Would you follow him? Are you a materialist, meaning that what you see is what you get, just physical body matter, that's all there is, there is no spiritual realm, there is no afterlife. Just questions like that. And I said, look, reply in the comments wherever you're reading this, but if you can't, send in an email with your comments to us through our ministry. And I thought, get a handful of people would do that, because I'm not assuming that there are a lot of atheists who are following me and reading my articles or watching them listen to the broadcast.

And even so, just your average person is only not going to take the extra time to email someone and write something up and respond to it, seven or eight different questions. So I just got another hundred forty five pages of responses sent over me today after forty five pages were sent yesterday. So these are just people that took the time to email our ministry.

Everyone's getting a note back from me through my team, thanking them for writing and letting them know I'll be reading their their their emails with interest. But I've started reading and I plan to continue to read them with interest as promised.
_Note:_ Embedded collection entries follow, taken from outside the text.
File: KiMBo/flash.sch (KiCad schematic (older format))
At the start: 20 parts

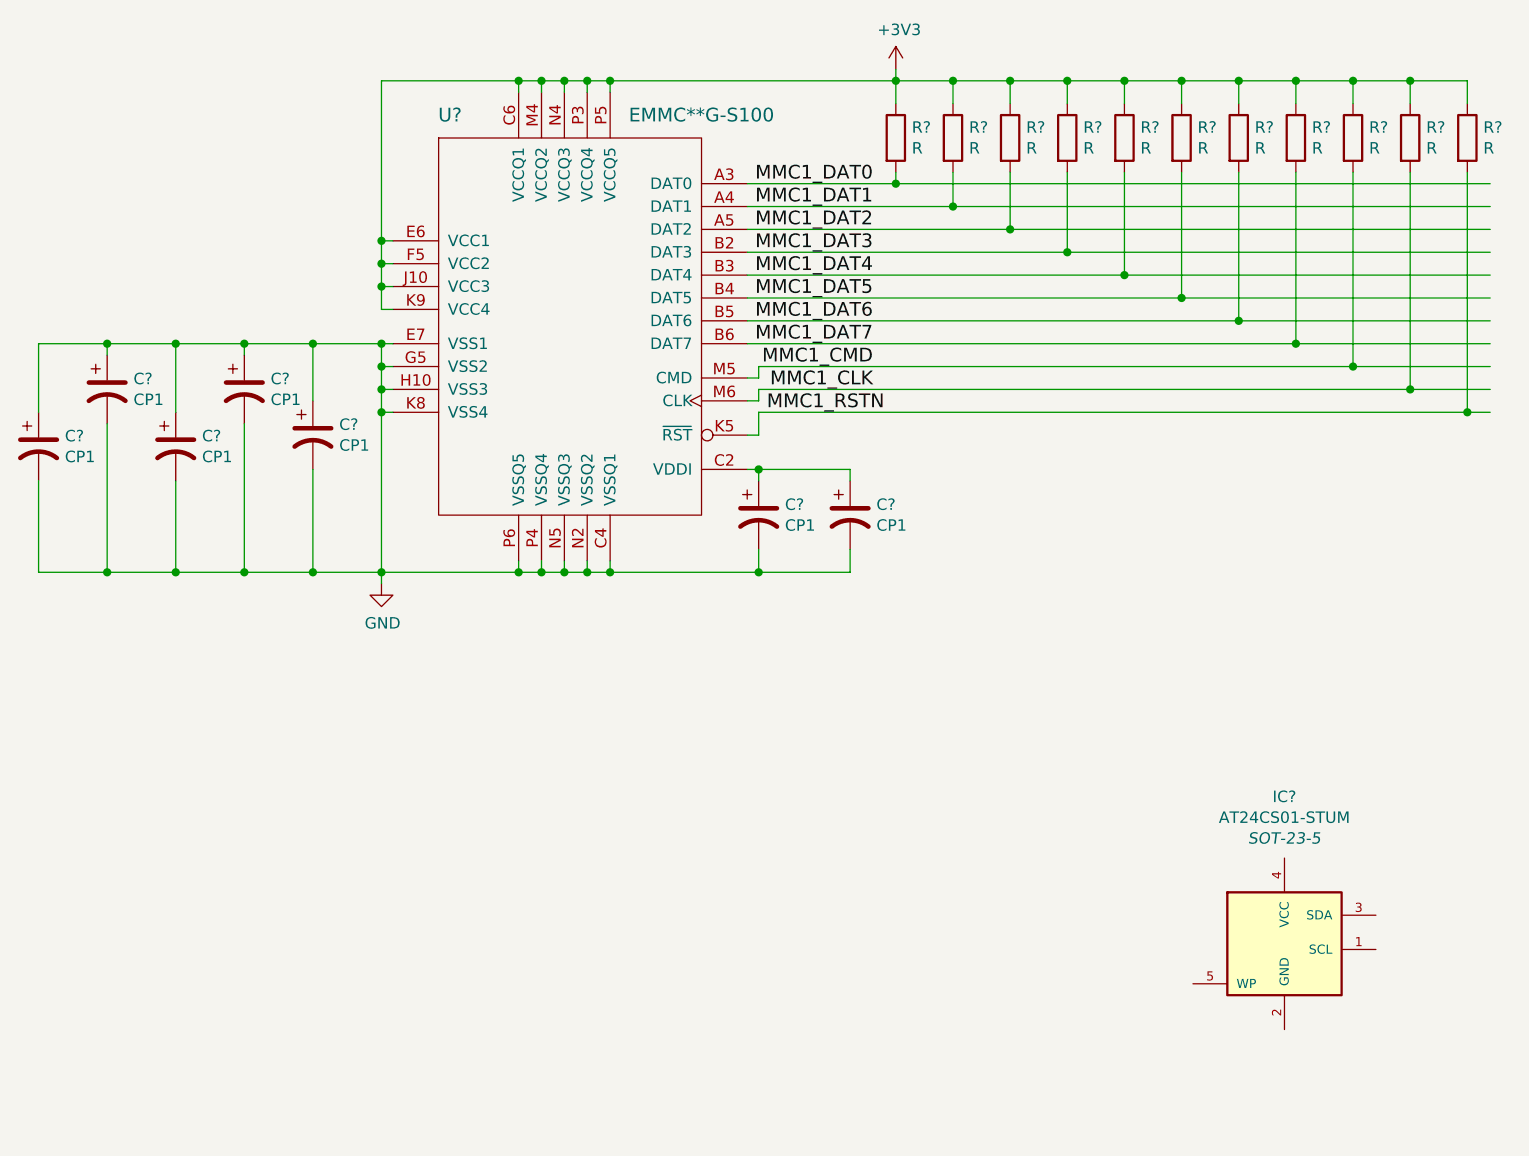
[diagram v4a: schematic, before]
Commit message: Use the TMC2130 stepper driver, document and calculate the stepper motor current
The current to the motors are set by IRUN and IHOLD of the IHOLD_IRUN register
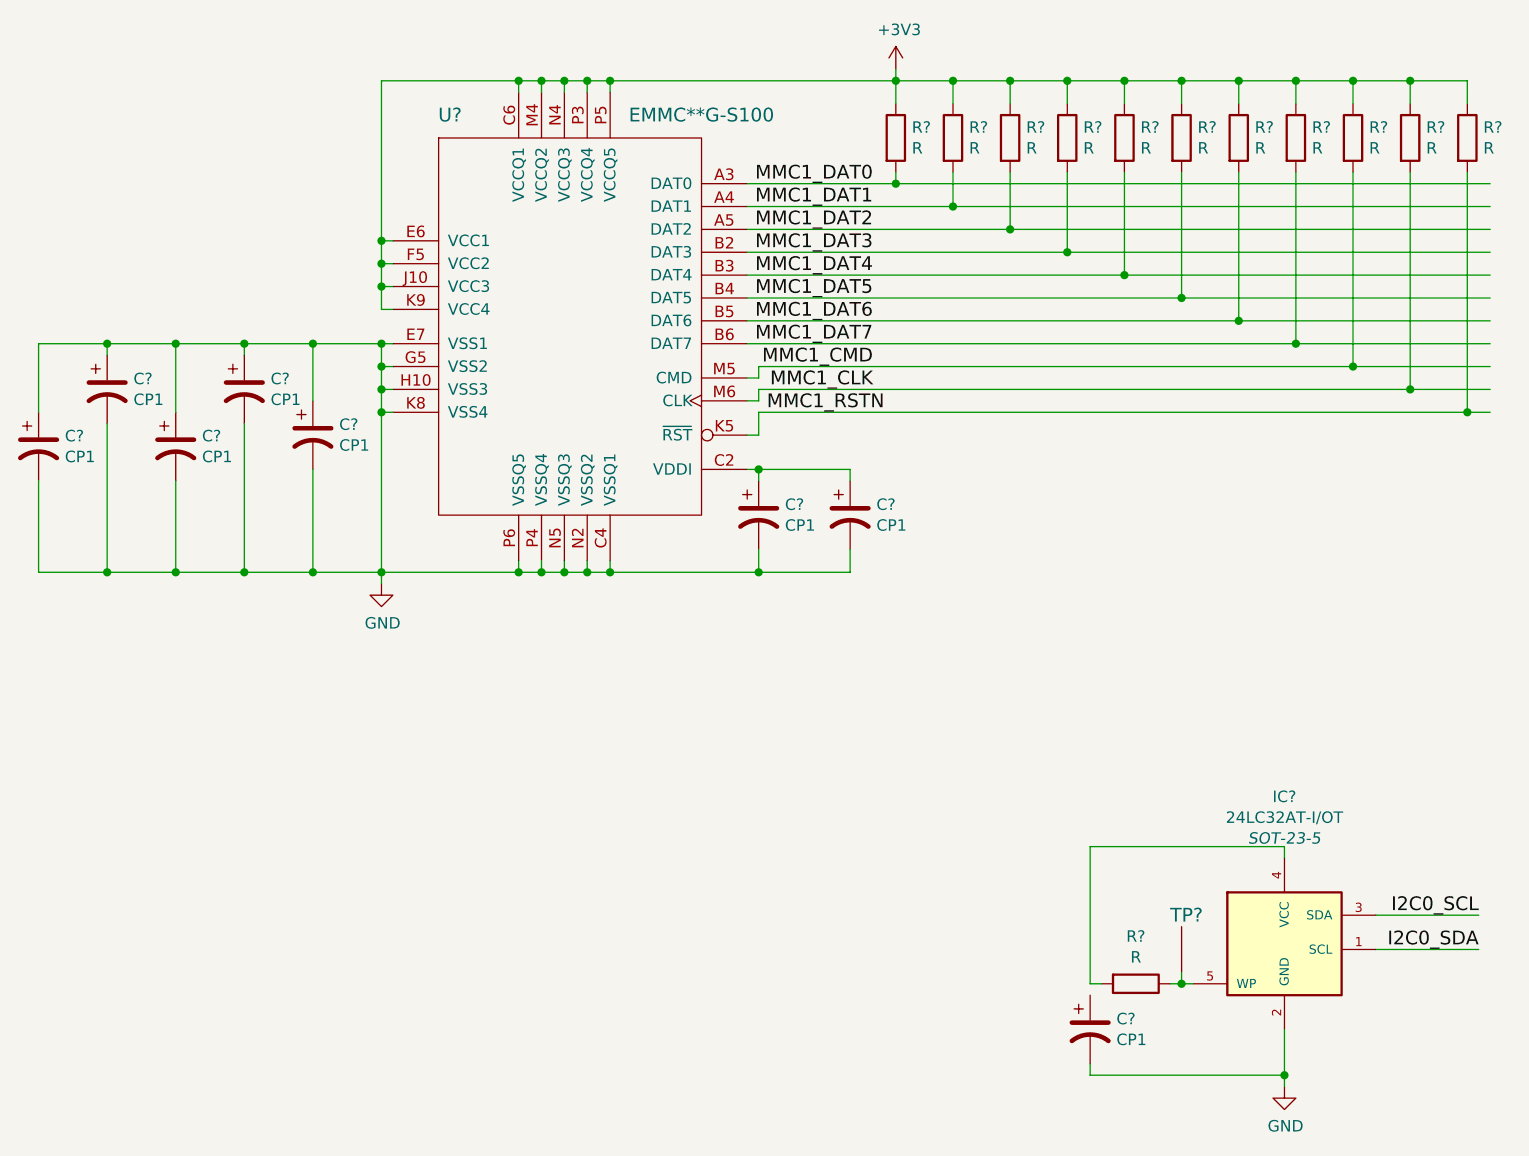
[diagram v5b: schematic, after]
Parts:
- added C?: CP1, symbol CP1
- added R?: R, symbol R
- added TP?: TP, symbol TP
- IC?: value AT24CS01-STUM -> 24LC32AT-I/OT
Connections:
- net labels added: I2C0_SCL, I2C0_SDA
- wire segments 127 -> 87
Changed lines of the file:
@@
 $Descr A3 16535 11693
 encoding utf-8
-Sheet 6 20
+Sheet 6 23
 Title ""
 Date ""
@@
 $EndComp
 Wire Wire Line
-	7350 3750 7350 4450
-Wire Wire Line
-	7350 4450 7350 4550
-Wire Wire Line
-	7350 4550 7350 4650
-Wire Wire Line
-	7350 4650 7350 4750
-Wire Wire Line
-	7350 3750 7950 3750
-Wire Wire Line
-	7950 3750 8050 3750
-Wire Wire Line
-	8050 3750 8150 3750
-Wire Wire Line
-	8150 3750 8250 3750
-Wire Wire Line
-	8250 3750 8350 3750
-Wire Wire Line
-	8350 3750 9600 3750
-Wire Wire Line
-	9600 3750 9850 3750
-Wire Wire Line
-	9850 3750 10100 3750
-Wire Wire Line
-	10100 3750 10350 3750
-Wire Wire Line
-	10350 3750 10600 3750
-Wire Wire Line
-	10600 3750 10850 3750
-Wire Wire Line
-	10850 3750 11100 3750
-Wire Wire Line
-	11100 3750 11350 3750
-Wire Wire Line
-	11350 3750 11600 3750
-Wire Wire Line
-	11600 3750 11850 3750
-Wire Wire Line
-	11850 3750 12100 3750
+	7350 3750 7350 4750
+Wire Wire Line
+	7350 3750 12100 3750
 Wire Wire Line
 	7400 4450 7350 4450
@@
 	8350 3750 8350 3800
 Wire Wire Line
-	7350 4900 7350 5000
-Wire Wire Line
-	7350 5000 7350 5100
-Wire Wire Line
-	7350 5100 7350 5200
-Wire Wire Line
-	7350 5200 7350 5900
-Wire Wire Line
-	7350 5900 7350 5950
-Wire Wire Line
-	5850 5900 6150 5900
-Wire Wire Line
-	6150 5900 6450 5900
-Wire Wire Line
-	6450 5900 6750 5900
-Wire Wire Line
-	6750 5900 7050 5900
-Wire Wire Line
-	7050 5900 7350 5900
-Wire Wire Line
-	7350 5900 7950 5900
-Wire Wire Line
-	7950 5900 8050 5900
-Wire Wire Line
-	8050 5900 8150 5900
-Wire Wire Line
-	8150 5900 8250 5900
-Wire Wire Line
-	8250 5900 8350 5900
-Wire Wire Line
-	8350 5900 9000 5900
-Wire Wire Line
-	9000 5900 9400 5900
-Wire Wire Line
-	5850 4900 6150 4900
-Wire Wire Line
-	6150 4900 6450 4900
-Wire Wire Line
-	6450 4900 6750 4900
-Wire Wire Line
-	6750 4900 7050 4900
-Wire Wire Line
-	7050 4900 7350 4900
-Wire Wire Line
-	7350 4900 7400 4900
+	7350 4900 7350 5950
+Wire Wire Line
+	5850 5900 9400 5900
+Wire Wire Line
+	5850 4900 7400 4900
 Wire Wire Line
 	7400 5000 7350 5000
@@
 $EndComp
 Wire Wire Line
-	8950 4200 9600 4200
-Wire Wire Line
-	9600 4200 12200 4200
+	8950 4200 12200 4200
 Wire Wire Line
 	9600 4200 9600 4150
@@
 $EndComp
 Wire Wire Line
-	8950 4300 9850 4300
-Wire Wire Line
-	9850 4300 12200 4300
+	8950 4300 12200 4300
 Wire Wire Line
 	9850 4300 9850 4150
 Wire Wire Line
-	8950 4400 10100 4400
-Wire Wire Line
-	10100 4400 12200 4400
+	8950 4400 12200 4400
 Wire Wire Line
 	10100 4400 10100 4150
 Wire Wire Line
-	8950 4500 10350 4500
-Wire Wire Line
-	10350 4500 12200 4500
+	8950 4500 12200 4500
 Wire Wire Line
 	10350 4500 10350 4150
 Wire Wire Line
-	8950 4600 10600 4600
-Wire Wire Line
-	10600 4600 12200 4600
+	8950 4600 12200 4600
 Wire Wire Line
 	10600 4600 10600 4150
 Wire Wire Line
-	8950 4700 10850 4700
-Wire Wire Line
-	10850 4700 12200 4700
+	8950 4700 12200 4700
 Wire Wire Line
 	10850 4700 10850 4150
 Wire Wire Line
-	8950 4800 11100 4800
-Wire Wire Line
-	11100 4800 12200 4800
+	8950 4800 12200 4800
 Wire Wire Line
 	11100 4800 11100 4150
 Wire Wire Line
-	8950 4900 11350 4900
-Wire Wire Line
-	11350 4900 12200 4900
+	8950 4900 12200 4900
 Wire Wire Line
 	11350 4900 11350 4150
 Wire Wire Line
-	9000 5000 11600 5000
-Wire Wire Line
-	11600 5000 12200 5000
+	9000 5000 12200 5000
 Wire Wire Line
 	11600 5000 11600 4150
@@
 Connection ~ 8350 3750
 Wire Wire Line
-	9600 3700 9600 3750
-Wire Wire Line
-	9600 3750 9600 3850
+	9600 3700 9600 3850
 Connection ~ 9600 3750
 Wire Wire Line
@@
 	9000 5500 9000 5450
 Wire Wire Line
-	8950 5450 9000 5450
-Wire Wire Line
-	9000 5450 9400 5450
+	8950 5450 9400 5450
 Wire Wire Line
 	9400 5450 9400 5500
@@
 	9000 5150 9000 5100
 Wire Wire Line
-	9000 5100 11850 5100
-Wire Wire Line
-	11850 5100 12200 5100
+	9000 5100 12200 5100
 Wire Wire Line
 	8950 5300 9000 5300
@@
 	9000 5300 9000 5200
 Wire Wire Line
-	9000 5200 12100 5200
-Wire Wire Line
-	12100 5200 12200 5200
+	9000 5200 12200 5200
 Wire Wire Line
 	12100 5200 12100 4150
@@
 P 11300 7500
 F 0 "IC?" H 11300 8118 50  0000 C CNN
-F 1 "AT24CS01-STUM" H 11300 8027 50  0000 C CNN
+F 1 "24LC32AT-I/OT" H 11300 8027 50  0000 C CNN
 F 2 "SOT-23-5" H 11300 7936 50  0000 C CIN
 F 3 "" H 11300 7500 50  0000 C CNN
@@
 	1    0    0    -1
 $EndComp
+$Comp
+L R R?
+U 1 1 589CA43D
+P 10650 7700
+F 0 "R?" V 10443 7700 50  0000 C CNN
+F 1 "R" V 10534 7700 50  0000 C CNN
+F 2 "" V 10580 7700 50  0000 C CNN
+F 3 "" H 10650 7700 50  0000 C CNN
+	1    10650 7700
+	0    1    1    0
+$EndComp
+$Comp
+L TP TP?
+U 1 1 589CA4A3
+P 10850 7650
+F 0 "TP?" V 11100 7700 60  0000 R CNN
+F 1 "TP" H 10850 7600 60  0001 C CNN
+F 2 "" H 10850 7650 60  0000 C CNN
+F 3 "" H 10850 7650 60  0000 C CNN
+	1    10850 7650
+	0    -1   -1   0
+$EndComp
+Wire Wire Line
+	10850 7650 10850 7700
+Wire Wire Line
+	10800 7700 10900 7700
+Connection ~ 10850 7700
+Wire Wire Line
+	11300 7150 11300 7100
+Wire Wire Line
+	11300 7100 10450 7100
+Wire Wire Line
+	10450 7100 10450 7700
+Wire Wire Line
+	10450 7700 10500 7700
+$Comp
+L CP1 C?
+U 1 1 589CA9AC
+P 10450 7900
+F 0 "C?" H 10565 7946 50  0000 L CNN
+F 1 "CP1" H 10565 7855 50  0000 L CNN
+F 2 "" H 10450 7900 50  0000 C CNN
+F 3 "" H 10450 7900 50  0000 C CNN
+	1    10450 7900
+	1    0    0    -1
+$EndComp
+Wire Wire Line
+	11300 7900 11300 8150
+Wire Wire Line
+	11300 8100 10450 8100
+Wire Wire Line
+	10450 8100 10450 8050
+$Comp
+L GND #PWR?
+U 1 1 589CAA98
+P 11300 8150
+F 0 "#PWR?" H 11300 7900 50  0001 C CNN
+F 1 "GND" H 11305 7977 50  0000 C CNN
+F 2 "" H 11300 8150 50  0000 C CNN
+F 3 "" H 11300 8150 50  0000 C CNN
+	1    11300 8150
+	1    0    0    -1
+$EndComp
+Connection ~ 11300 8100
+Text Label 12150 7400 2    60   ~ 0
+I2C0_SCL
+Text Label 12150 7550 2    60   ~ 0
+I2C0_SDA
+Wire Wire Line
+	12150 7400 11700 7400
+Wire Wire Line
+	12150 7550 11700 7550
 $EndSCHEMATC

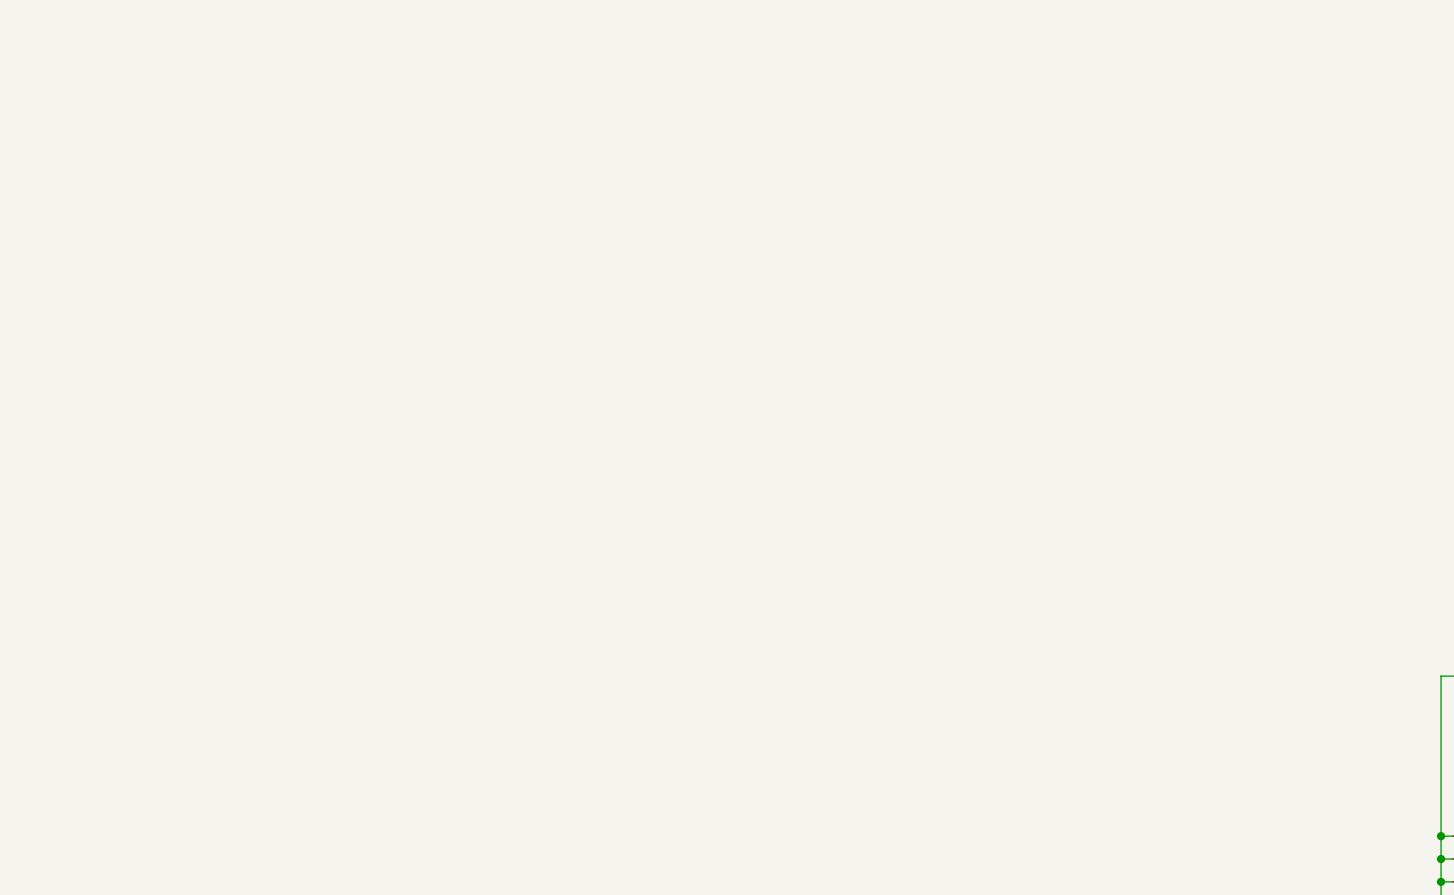
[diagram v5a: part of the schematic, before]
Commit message: Bring more interfaces out to the root sheet and begin connecting modules
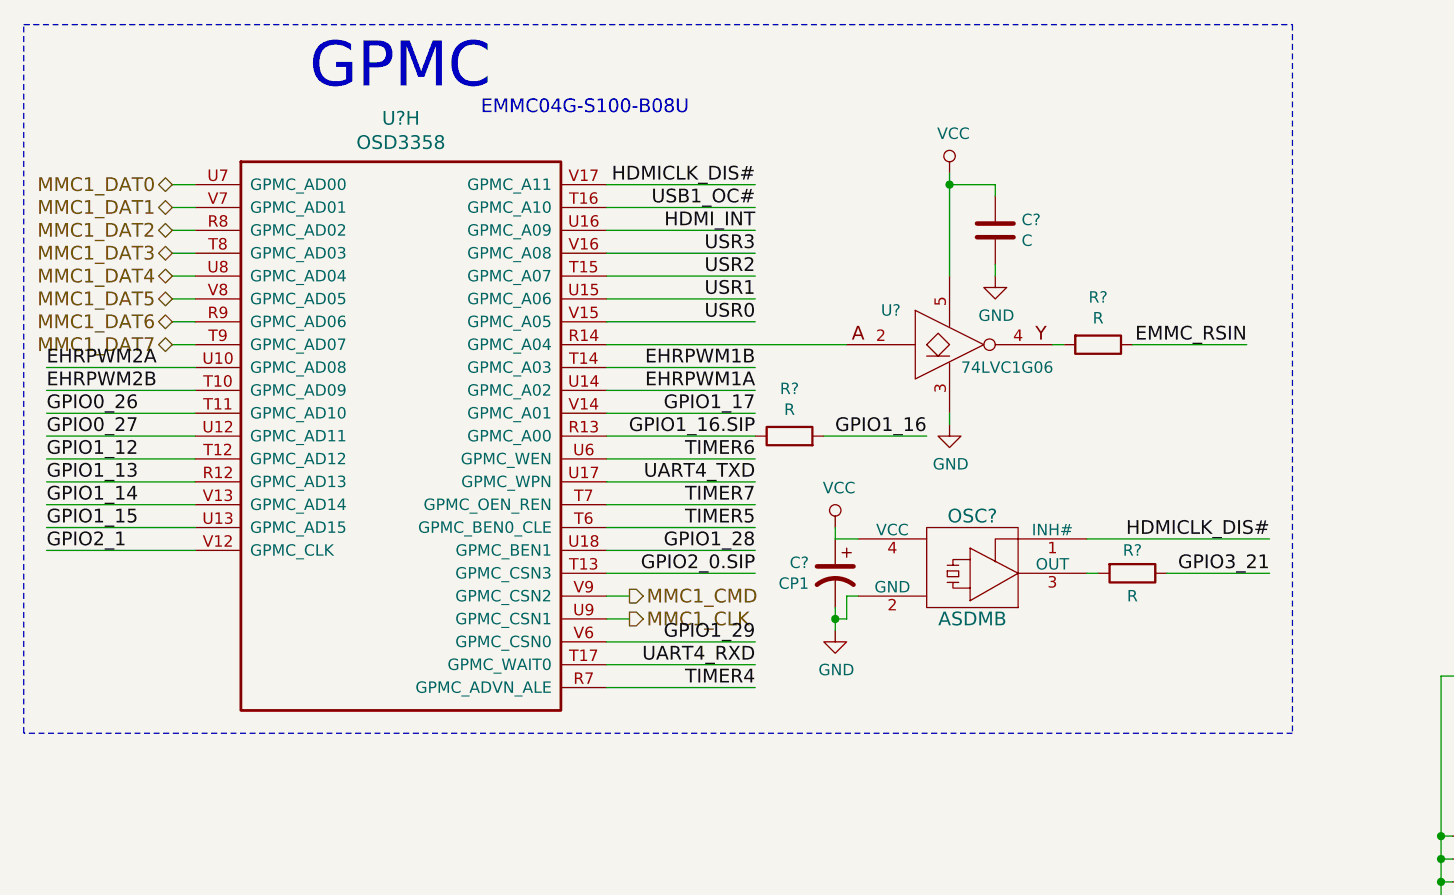
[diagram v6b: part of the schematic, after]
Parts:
- added C?: C, symbol C
- added C?: CP1, symbol CP1
- added OSC?: ASDMB, symbol ASDMB
- added R? (x3): R, symbol R
- added U?: OSD3358, symbol OSD3358
- added U?: 74LVC1G06, symbol 74LVC1G06
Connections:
- net labels added: EHRPWM1A, EHRPWM1B, EHRPWM2A, EHRPWM2B, EMMC_RSIN, GPIO0_26, GPIO0_27, GPIO1_12, GPIO1_13, GPIO1_14, GPIO1_15, GPIO1_16, GPIO1_16.SIP, GPIO1_17, GPIO1_28, GPIO1_29, GPIO2_0.SIP, GPIO2_1, GPIO3_21, HDMICLK_DIS#, HDMI_INT, TIMER4, TIMER5, TIMER6, TIMER7, UART4_RXD, UART4_TXD, USB1_OC#, USR0, USR1, USR2, USR3, VCC
- wire segments 87 -> 144
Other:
- note added: "EMMC04G-S100-B08U"
- note added: "GPMC"

But I have seen some who said I was an evangelical Christian and I prayed for guidance and direction in my life and never heard anything from God or prayers whenever answered or things didn't line up with what I see in the Bible. Now, there are others that went through those same hurdles, same obstacles, and you you came out strong in the faith. You've you've made it through difficult situations, painful losses, and your faith today is stronger than ever.

But others struggle. And let's be honest, in many of our churches, doubt is not something you're allowed to talk about. I want to show you an interesting passage. In my life, the only time I ever heard anyone preach on this is when I preached on it in the last couple of years. Otherwise, I never preached on this verse.

And like I said, I've never heard anyone else preach on it. So it's in the book of Jude. I'm going to start in verse 20. But you beloved, building yourselves up in your most holy faith and praying in the Holy Spirit.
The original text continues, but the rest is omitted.